Tuesday, June 11, 2013

Browning Announces Changes to Proposed Whole Foods/Apartments Development in Broad Ripple

I can't say I'm impressed. This a typical maneuver of developers - propose something so large and onerous that they know will rile up the community and then cut back the project to appear to respond to residents' concerns.  No word yet, if Browning will agree to forgo having our (TIF) tax dollars to finance his subsidize his project.  My guess is "no."

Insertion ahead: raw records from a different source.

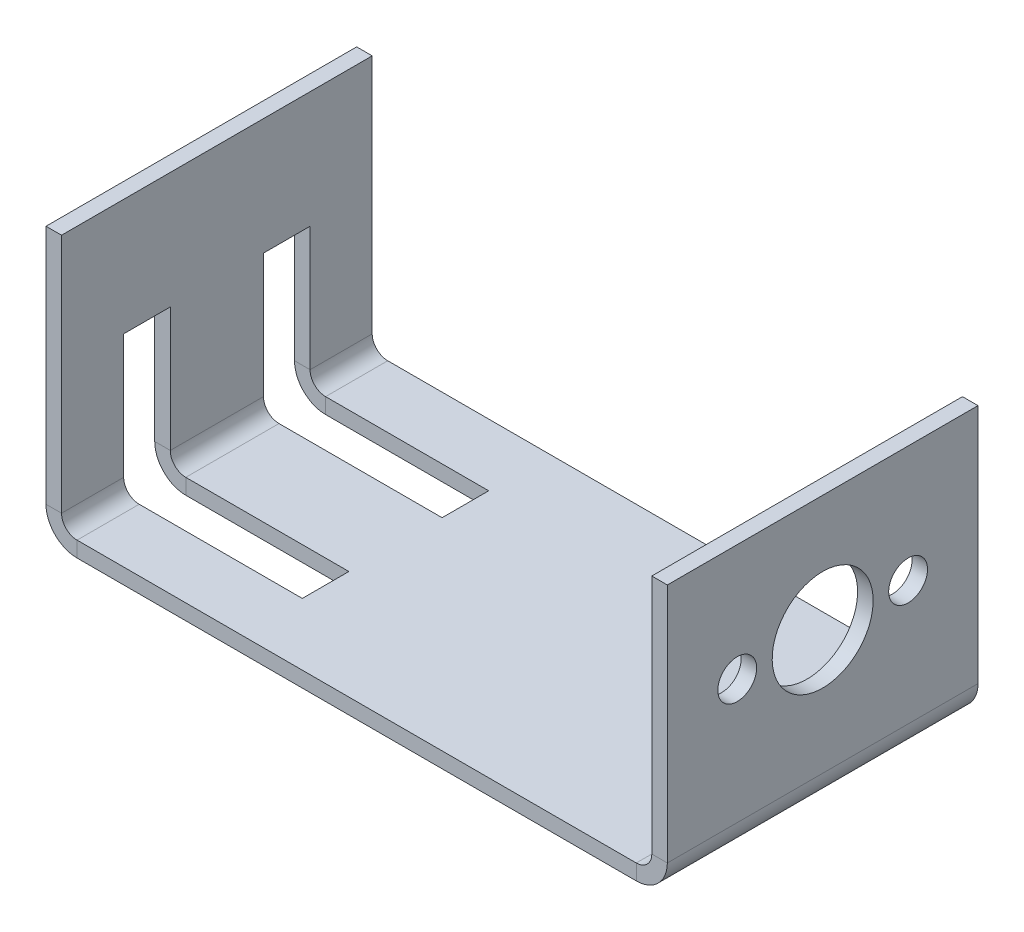
ISO-10303-21;
HEADER;
FILE_DESCRIPTION(('STEP AP214'),'2;1');
FILE_NAME('part.step','',(''),(''),'','','');
FILE_SCHEMA(('AUTOMOTIVE_DESIGN { 1 0 10303 214 1 1 1 1 }'));
ENDSEC;
DATA;
#1=APPLICATION_CONTEXT('core data for automotive mechanical design processes');
#2=APPLICATION_PROTOCOL_DEFINITION('international standard','automotive_design',2000,#1);
#3=PRODUCT_CONTEXT('',#1,'mechanical');
#4=PRODUCT('Part','Part','',(#3));
#5=PRODUCT_RELATED_PRODUCT_CATEGORY('part','',(#4));
#6=PRODUCT_DEFINITION_FORMATION('','',#4);
#7=PRODUCT_DEFINITION_CONTEXT('part definition',#1,'design');
#8=PRODUCT_DEFINITION('design','',#6,#7);
#9=PRODUCT_DEFINITION_SHAPE('','',#8);
#10=(LENGTH_UNIT() NAMED_UNIT(*) SI_UNIT(.MILLI.,.METRE.));
#11=(NAMED_UNIT(*) PLANE_ANGLE_UNIT() SI_UNIT($,.RADIAN.));
#12=(NAMED_UNIT(*) SI_UNIT($,.STERADIAN.) SOLID_ANGLE_UNIT());
#13=UNCERTAINTY_MEASURE_WITH_UNIT(LENGTH_MEASURE(1.E-05),#10,'distance_accuracy_value','');
#14=(GEOMETRIC_REPRESENTATION_CONTEXT(3) GLOBAL_UNCERTAINTY_ASSIGNED_CONTEXT((#13)) GLOBAL_UNIT_ASSIGNED_CONTEXT((#10,
#11,#12)) REPRESENTATION_CONTEXT('',''));
#15=CARTESIAN_POINT('',(0.,0.,0.));
#16=DIRECTION('',(0.,0.,1.));
#17=DIRECTION('',(1.,0.,0.));
#18=AXIS2_PLACEMENT_3D('',#15,#16,#17);
#19=CARTESIAN_POINT('',(-15.,20.0000000000001,12.));
#20=DIRECTION('',(0.,0.,1.));
#21=DIRECTION('',(0.,-1.,0.));
#22=AXIS2_PLACEMENT_3D('',#19,#20,#21);
#23=PLANE('',#22);
#24=DIRECTION('',(0.,-1.,0.));
#25=VECTOR('',#24,1.);
#26=CARTESIAN_POINT('',(-38.,-1.41530656011703E-13,12.));
#27=LINE('',#26,#25);
#28=CARTESIAN_POINT('',(-38.,20.0000000000001,12.));
#29=VERTEX_POINT('',#28);
#30=CARTESIAN_POINT('',(-38.,4.,12.));
#31=VERTEX_POINT('',#30);
#32=EDGE_CURVE('E601',#29,#31,#27,.T.);
#33=ORIENTED_EDGE('',*,*,#32,.T.);
#34=DIRECTION('',(-1.,0.,0.));
#35=VECTOR('',#34,1.);
#36=CARTESIAN_POINT('',(-38.,4.,12.));
#37=LINE('',#36,#35);
#38=CARTESIAN_POINT('',(-40.,3.99999999999999,12.));
#39=VERTEX_POINT('',#38);
#40=EDGE_CURVE('E13',#31,#39,#37,.T.);
#41=ORIENTED_EDGE('',*,*,#40,.T.);
#42=DIRECTION('',(0.,1.,0.));
#43=VECTOR('',#42,1.);
#44=CARTESIAN_POINT('',(-40.,20.,12.));
#45=LINE('',#44,#43);
#46=CARTESIAN_POINT('',(-40.,20.,12.));
#47=VERTEX_POINT('',#46);
#48=EDGE_CURVE('E282',#39,#47,#45,.T.);
#49=ORIENTED_EDGE('',*,*,#48,.T.);
#50=DIRECTION('',(-1.,0.,0.));
#51=VECTOR('',#50,1.);
#52=CARTESIAN_POINT('',(-15.,20.0000000000001,12.));
#53=LINE('',#52,#51);
#54=EDGE_CURVE('E267',#29,#47,#53,.T.);
#55=ORIENTED_EDGE('',*,*,#54,.F.);
#56=EDGE_LOOP('',(#33,#41,#49,#55));
#57=FACE_BOUND('',#56,.T.);
#58=ADVANCED_FACE('F84',(#57),#23,.F.);
#59=DIRECTION('',(1.,0.,0.));
#60=VECTOR('',#59,1.);
#61=CARTESIAN_POINT('',(0.,0.,12.));
#62=LINE('',#61,#60);
#63=CARTESIAN_POINT('',(-36.,0.,12.));
#64=VERTEX_POINT('',#63);
#65=CARTESIAN_POINT('',(-15.,0.,12.));
#66=VERTEX_POINT('',#65);
#67=EDGE_CURVE('E367',#64,#66,#62,.T.);
#68=ORIENTED_EDGE('',*,*,#67,.F.);
#69=DIRECTION('',(0.,1.,0.));
#70=VECTOR('',#69,1.);
#71=CARTESIAN_POINT('',(-36.,0.,12.));
#72=LINE('',#71,#70);
#73=CARTESIAN_POINT('',(-36.,2.,12.));
#74=VERTEX_POINT('',#73);
#75=EDGE_CURVE('E91',#64,#74,#72,.T.);
#76=ORIENTED_EDGE('',*,*,#75,.T.);
#77=DIRECTION('',(1.,0.,0.));
#78=VECTOR('',#77,1.);
#79=CARTESIAN_POINT('',(0.,2.,12.));
#80=LINE('',#79,#78);
#81=CARTESIAN_POINT('',(-15.,2.,12.));
#82=VERTEX_POINT('',#81);
#83=EDGE_CURVE('E361',#74,#82,#80,.T.);
#84=ORIENTED_EDGE('',*,*,#83,.T.);
#85=DIRECTION('',(0.,1.,0.));
#86=VECTOR('',#85,1.);
#87=CARTESIAN_POINT('',(-15.,20.0000000000001,12.));
#88=LINE('',#87,#86);
#89=EDGE_CURVE('E281',#66,#82,#88,.T.);
#90=ORIENTED_EDGE('',*,*,#89,.F.);
#91=EDGE_LOOP('',(#68,#76,#84,#90));
#92=FACE_BOUND('',#91,.T.);
#93=ADVANCED_FACE('F639',(#92),#23,.F.);
#94=CARTESIAN_POINT('',(-15.,20.0000000000001,6.));
#95=DIRECTION('',(0.,0.,-1.));
#96=DIRECTION('',(0.,1.,0.));
#97=AXIS2_PLACEMENT_3D('',#94,#95,#96);
#98=PLANE('',#97);
#99=DIRECTION('',(0.,-1.,0.));
#100=VECTOR('',#99,1.);
#101=CARTESIAN_POINT('',(-40.,20.,6.));
#102=LINE('',#101,#100);
#103=CARTESIAN_POINT('',(-40.,20.,6.));
#104=VERTEX_POINT('',#103);
#105=CARTESIAN_POINT('',(-40.,3.99999999999999,6.));
#106=VERTEX_POINT('',#105);
#107=EDGE_CURVE('E287',#104,#106,#102,.T.);
#108=ORIENTED_EDGE('',*,*,#107,.T.);
#109=DIRECTION('',(1.,0.,0.));
#110=VECTOR('',#109,1.);
#111=CARTESIAN_POINT('',(-40.,3.99999999999999,6.));
#112=LINE('',#111,#110);
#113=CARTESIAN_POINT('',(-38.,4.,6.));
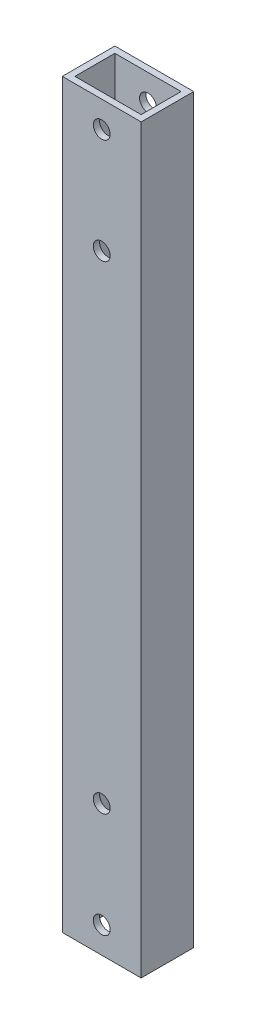
ISO-10303-21;
HEADER;
FILE_DESCRIPTION(('STEP AP214'),'2;1');
FILE_NAME('part.step','',(''),(''),'','','');
FILE_SCHEMA(('AUTOMOTIVE_DESIGN { 1 0 10303 214 1 1 1 1 }'));
ENDSEC;
DATA;
#1=APPLICATION_CONTEXT('core data for automotive mechanical design processes');
#2=APPLICATION_PROTOCOL_DEFINITION('international standard','automotive_design',2000,#1);
#3=PRODUCT_CONTEXT('',#1,'mechanical');
#4=PRODUCT('Part','Part','',(#3));
#5=PRODUCT_RELATED_PRODUCT_CATEGORY('part','',(#4));
#6=PRODUCT_DEFINITION_FORMATION('','',#4);
#7=PRODUCT_DEFINITION_CONTEXT('part definition',#1,'design');
#8=PRODUCT_DEFINITION('design','',#6,#7);
#9=PRODUCT_DEFINITION_SHAPE('','',#8);
#10=(LENGTH_UNIT() NAMED_UNIT(*) SI_UNIT(.MILLI.,.METRE.));
#11=(NAMED_UNIT(*) PLANE_ANGLE_UNIT() SI_UNIT($,.RADIAN.));
#12=(NAMED_UNIT(*) SI_UNIT($,.STERADIAN.) SOLID_ANGLE_UNIT());
#13=UNCERTAINTY_MEASURE_WITH_UNIT(LENGTH_MEASURE(1.E-05),#10,'distance_accuracy_value','');
#14=(GEOMETRIC_REPRESENTATION_CONTEXT(3) GLOBAL_UNCERTAINTY_ASSIGNED_CONTEXT((#13)) GLOBAL_UNIT_ASSIGNED_CONTEXT((#10,
#11,#12)) REPRESENTATION_CONTEXT('',''));
#15=CARTESIAN_POINT('',(0.,0.,0.));
#16=DIRECTION('',(0.,0.,1.));
#17=DIRECTION('',(1.,0.,0.));
#18=AXIS2_PLACEMENT_3D('',#15,#16,#17);
#19=CARTESIAN_POINT('',(0.,70.5,0.));
#20=DIRECTION('',(0.,1.,0.));
#21=DIRECTION('',(0.,0.,1.));
#22=AXIS2_PLACEMENT_3D('',#19,#20,#21);
#23=PLANE('',#22);
#24=DIRECTION('',(0.,0.,-1.));
#25=VECTOR('',#24,1.);
#26=CARTESIAN_POINT('',(7.5,70.5,-5.));
#27=LINE('',#26,#25);
#28=CARTESIAN_POINT('',(7.5,70.5,5.));
#29=VERTEX_POINT('',#28);
#30=CARTESIAN_POINT('',(7.5,70.5,-5.));
#31=VERTEX_POINT('',#30);
#32=EDGE_CURVE('E137',#29,#31,#27,.T.);
#33=ORIENTED_EDGE('',*,*,#32,.T.);
#34=DIRECTION('',(-1.,0.,0.));
#35=VECTOR('',#34,1.);
#36=CARTESIAN_POINT('',(-7.5,70.5,-5.));
#37=LINE('',#36,#35);
#38=CARTESIAN_POINT('',(-7.5,70.5,-5.));
#39=VERTEX_POINT('',#38);
#40=EDGE_CURVE('E140',#31,#39,#37,.T.);
#41=ORIENTED_EDGE('',*,*,#40,.T.);
#42=DIRECTION('',(0.,0.,1.));
#43=VECTOR('',#42,1.);
#44=CARTESIAN_POINT('',(-7.5,70.5,-5.));
#45=LINE('',#44,#43);
#46=CARTESIAN_POINT('',(-7.5,70.5,5.));
#47=VERTEX_POINT('',#46);
#48=EDGE_CURVE('E143',#39,#47,#45,.T.);
#49=ORIENTED_EDGE('',*,*,#48,.T.);
#50=DIRECTION('',(1.,0.,0.));
#51=VECTOR('',#50,1.);
#52=CARTESIAN_POINT('',(-7.5,70.5,5.));
#53=LINE('',#52,#51);
#54=EDGE_CURVE('E145',#47,#29,#53,.T.);
#55=ORIENTED_EDGE('',*,*,#54,.T.);
#56=EDGE_LOOP('',(#33,#41,#49,#55));
#57=FACE_BOUND('',#56,.T.);
#58=DIRECTION('',(1.,0.,0.));
#59=VECTOR('',#58,1.);
#60=CARTESIAN_POINT('',(-6.3,70.5,3.8));
#61=LINE('',#60,#59);
#62=CARTESIAN_POINT('',(-6.3,70.5,3.8));
#63=VERTEX_POINT('',#62);
#64=CARTESIAN_POINT('',(6.3,70.5,3.8));
#65=VERTEX_POINT('',#64);
#66=EDGE_CURVE('E107',#63,#65,#61,.T.);
#67=ORIENTED_EDGE('',*,*,#66,.F.);
#68=DIRECTION('',(0.,0.,1.));
#69=VECTOR('',#68,1.);
#70=CARTESIAN_POINT('',(-6.3,70.5,-3.8));
#71=LINE('',#70,#69);
#72=CARTESIAN_POINT('',(-6.3,70.5,-3.8));
#73=VERTEX_POINT('',#72);
#74=EDGE_CURVE('E99',#73,#63,#71,.T.);
#75=ORIENTED_EDGE('',*,*,#74,.F.);
#76=DIRECTION('',(-1.,0.,0.));
#77=VECTOR('',#76,1.);
#78=CARTESIAN_POINT('',(-6.3,70.5,-3.8));
#79=LINE('',#78,#77);
#80=CARTESIAN_POINT('',(6.3,70.5,-3.8));
#81=VERTEX_POINT('',#80);
#82=EDGE_CURVE('E121',#81,#73,#79,.T.);
#83=ORIENTED_EDGE('',*,*,#82,.F.);
#84=DIRECTION('',(0.,0.,-1.));
#85=VECTOR('',#84,1.);
#86=CARTESIAN_POINT('',(6.3,70.5,-3.8));
#87=LINE('',#86,#85);
#88=EDGE_CURVE('E119',#65,#81,#87,.T.);
#89=ORIENTED_EDGE('',*,*,#88,.F.);
#90=EDGE_LOOP('',(#67,#75,#83,#89));
#91=FACE_BOUND('',#90,.T.);
#92=ADVANCED_FACE('F32',(#57,#91),#23,.T.);
#93=CARTESIAN_POINT('',(0.,-70.5,0.));
#94=DIRECTION('',(0.,1.,0.));
#95=DIRECTION('',(0.,0.,1.));
#96=AXIS2_PLACEMENT_3D('',#93,#94,#95);
#97=PLANE('',#96);
#98=DIRECTION('',(0.,0.,-1.));
#99=VECTOR('',#98,1.);
#100=CARTESIAN_POINT('',(7.5,-70.5,-5.));
#101=LINE('',#100,#99);
#102=CARTESIAN_POINT('',(7.5,-70.5,5.));
#103=VERTEX_POINT('',#102);
#104=CARTESIAN_POINT('',(7.5,-70.5,-5.));
#105=VERTEX_POINT('',#104);
#106=EDGE_CURVE('E115',#103,#105,#101,.T.);
#107=ORIENTED_EDGE('',*,*,#106,.F.);
#108=DIRECTION('',(1.,0.,0.));
#109=VECTOR('',#108,1.);
#110=CARTESIAN_POINT('',(-7.5,-70.5,5.));
#111=LINE('',#110,#109);
#112=CARTESIAN_POINT('',(-7.5,-70.5,5.));
#113=VERTEX_POINT('',#112);
#114=EDGE_CURVE('E141',#113,#103,#111,.T.);
#115=ORIENTED_EDGE('',*,*,#114,.F.);
#116=DIRECTION('',(0.,0.,1.));
#117=VECTOR('',#116,1.);
#118=CARTESIAN_POINT('',(-7.5,-70.5,-5.));
#119=LINE('',#118,#117);
#120=CARTESIAN_POINT('',(-7.5,-70.5,-5.));
#121=VERTEX_POINT('',#120);
#122=EDGE_CURVE('E152',#121,#113,#119,.T.);
#123=ORIENTED_EDGE('',*,*,#122,.F.);
#124=DIRECTION('',(-1.,0.,0.));
#125=VECTOR('',#124,1.);
#126=CARTESIAN_POINT('',(-7.5,-70.5,-5.));
#127=LINE('',#126,#125);
#128=EDGE_CURVE('E150',#105,#121,#127,.T.);
#129=ORIENTED_EDGE('',*,*,#128,.F.);
#130=EDGE_LOOP('',(#107,#115,#123,#129));
#131=FACE_BOUND('',#130,.T.);
#132=DIRECTION('',(0.,0.,1.));
#133=VECTOR('',#132,1.);
#134=CARTESIAN_POINT('',(-6.3,-70.5,-3.8));
#135=LINE('',#134,#133);
#136=CARTESIAN_POINT('',(-6.3,-70.5,-3.8));
#137=VERTEX_POINT('',#136);
#138=CARTESIAN_POINT('',(-6.3,-70.5,3.8));
#139=VERTEX_POINT('',#138);
#140=EDGE_CURVE('E57',#137,#139,#135,.T.);
#141=ORIENTED_EDGE('',*,*,#140,.T.);
#142=DIRECTION('',(1.,0.,0.));
#143=VECTOR('',#142,1.);
#144=CARTESIAN_POINT('',(-6.3,-70.5,3.8));
#145=LINE('',#144,#143);
#146=CARTESIAN_POINT('',(6.3,-70.5,3.8));
#147=VERTEX_POINT('',#146);
#148=EDGE_CURVE('E114',#139,#147,#145,.T.);
#149=ORIENTED_EDGE('',*,*,#148,.T.);
#150=DIRECTION('',(0.,0.,-1.));
#151=VECTOR('',#150,1.);
#152=CARTESIAN_POINT('',(6.3,-70.5,-3.8));
#153=LINE('',#152,#151);
#154=CARTESIAN_POINT('',(6.3,-70.5,-3.8));
#155=VERTEX_POINT('',#154);
#156=EDGE_CURVE('E129',#147,#155,#153,.T.);
#157=ORIENTED_EDGE('',*,*,#156,.T.);
#158=DIRECTION('',(-1.,0.,0.));
#159=VECTOR('',#158,1.);
#160=CARTESIAN_POINT('',(-6.3,-70.5,-3.8));
#161=LINE('',#160,#159);
#162=EDGE_CURVE('E108',#155,#137,#161,.T.);
#163=ORIENTED_EDGE('',*,*,#162,.T.);
#164=EDGE_LOOP('',(#141,#149,#157,#163));
#165=FACE_BOUND('',#164,.T.);
#166=ADVANCED_FACE('F215',(#131,#165),#97,.F.);
#167=CARTESIAN_POINT('',(7.5,70.5,-5.));
#168=DIRECTION('',(-1.,0.,0.));
#169=DIRECTION('',(0.,0.,1.));
#170=AXIS2_PLACEMENT_3D('',#167,#168,#169);
#171=PLANE('',#170);
#172=ORIENTED_EDGE('',*,*,#106,.T.);
#173=DIRECTION('',(0.,-1.,0.));
#174=VECTOR('',#173,1.);
#175=CARTESIAN_POINT('',(7.5,70.5,-5.));
#176=LINE('',#175,#174);
#177=EDGE_CURVE('E11',#31,#105,#176,.T.);
#178=ORIENTED_EDGE('',*,*,#177,.F.);
#179=ORIENTED_EDGE('',*,*,#32,.F.);
#180=DIRECTION('',(0.,-1.,0.));
#181=VECTOR('',#180,1.);
#182=CARTESIAN_POINT('',(7.5,70.5,5.));
#183=LINE('',#182,#181);
#184=EDGE_CURVE('E147',#29,#103,#183,.T.);
#185=ORIENTED_EDGE('',*,*,#184,.T.);
#186=EDGE_LOOP('',(#172,#178,#179,#185));
#187=FACE_BOUND('',#186,.T.);
#188=ADVANCED_FACE('F34',(#187),#171,.F.);
#189=CARTESIAN_POINT('',(-7.5,70.5,-5.));
#190=DIRECTION('',(0.,0.,1.));
#191=DIRECTION('',(1.,0.,0.));
#192=AXIS2_PLACEMENT_3D('',#189,#190,#191);
#193=PLANE('',#192);
#194=CARTESIAN_POINT('',(0.,-65.5,-5.));
#195=DIRECTION('',(0.,0.,-1.));
#196=DIRECTION('',(-1.,0.,0.));
#197=AXIS2_PLACEMENT_3D('',#194,#195,#196);
#198=CIRCLE('',#197,1.60000000000001);
#199=CARTESIAN_POINT('',(-1.60000000000001,-65.5,-5.));
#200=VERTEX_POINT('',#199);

According to the IBJ Property Lines blog:
The Department of Metropolitan Development’s division of planning on Thursday was set to hear Browning’s request for a variance to allow for an 85-foot tall building and a 35,000-square-foot grocery store earmarked for a Whole Foods. That request has been continued until July 11 while Browning makes changes to the design. Jamie Browning said the developer will reduce the height of the building to about 70 feet (35 feet is permitted) in addition to the floor space for the grocery. Browning said he didn’t know how much smaller the space might be but is confident the developer can still attract a national retailer. Under city zoning guidelines for the area, just 8,000 square feet is permitted for any single commercial use. Browning will also modify the design to make it look more residential and less contemporary. “We’re trying to be accommodative to what people are asking us to do,” Jamie Browning told Property Lines.
To see the rest of the story, click here.

10 comments:

Anonymous said...

Getting the community upset about a development is a standard tactic of developers?

Pete Boggs said...

TIF dollars are shifted / diverted from the normal expenses of government (police, fire, etc.) to service the incurred bond debt (typically 25 yrs).

Assessments then "trend" toward the new or Legoland accelerated, subsidized "standard," whereby TIF area taxes increase, depriving the area of needed public safety dollars which later result in bureau-cries for more tax dollars to cover those formerly covered costs & up the rocket goes; til it runs outa fuel & falls back to economic earth.

TIF schemes deprive legitimate development (that free market thang) of oxygen, to naturally / organically progress. Government's not a business, it's not a developer of any kind- it's an obstacle to those who know how.

The referee has a responsibility to objectively monitor, not arrogantly or officiously insert themselves in the free market.

Whole Foods is being irrefutably selected as a winner at the expense of other, legitimate, free market
business.

Where again, exactly, does the party of small government exist? TIFS have become Kiosks of corruption, wherein the uninformed consent of those whose income and / or property are pledged or collateralized, is a real, SEC quality, legal problem, when measured in terms of disclosure standards, etc.

Paul K. Ogden said...

Goodneighborsam,

To get a community to accept an unpopular development by proposing something even more outrageous and then cutting back to what was originally intended, is most certainly a tactic of many developers.

Indy Rob said...

I do not like or agree with the comments on IBJ. Much too pro-developer and almost always present the false dichotomy of an abandoned Shell station verses a new shiny strip mall. Some of the other arguments are equally bad, 88 apartments replacing how many leading into some sort of cheap affordable housing for those young urban professionals, that this use of $5 million in TIF is the only way BR will be developed, etc.

Anonymous said...

I had no idea of the level of this conspiracy. Iamgine trying to bait us into something we might like by suggesting something we didn't like, and doing it by pretending to listen to us. Well I, for one, don't plan to stand still for that sort of rubbish. In the future, I'm adopting a firm policy of never, ever, liking anything, no matter how much I like it. Let them try to get around that one.

Had Enough Indy? said...

I'd bet Whole Foods backed out because of the bad publicity. To cover their arses,Browning is just saying they are trying to make the dvelopment more acceptable to the neighbors.

Anonymous said...

Gees Pat, just listen to Paul. It;s a fiendish conspiracy, and you have to sit back and watch all the plot twists as it unfolds.

Pete Boggs said...

Good Neighbors AM: The pretense of feigned naivete is a gateway drug of corruption.

Paul K. Ogden said...

Goodneighborsam also probably believes there was nothing wrong with what they were, allegedly, doing at the Land Bank.

Anonymous said...

All part of the same massive conspiracy - the NFP's were secretly assembling the parcels as a front for developers who were then going to propose a series of 40 story strip club/cricket fields that would later be swapped out for more Whole Foods stores to the terrified neighbors.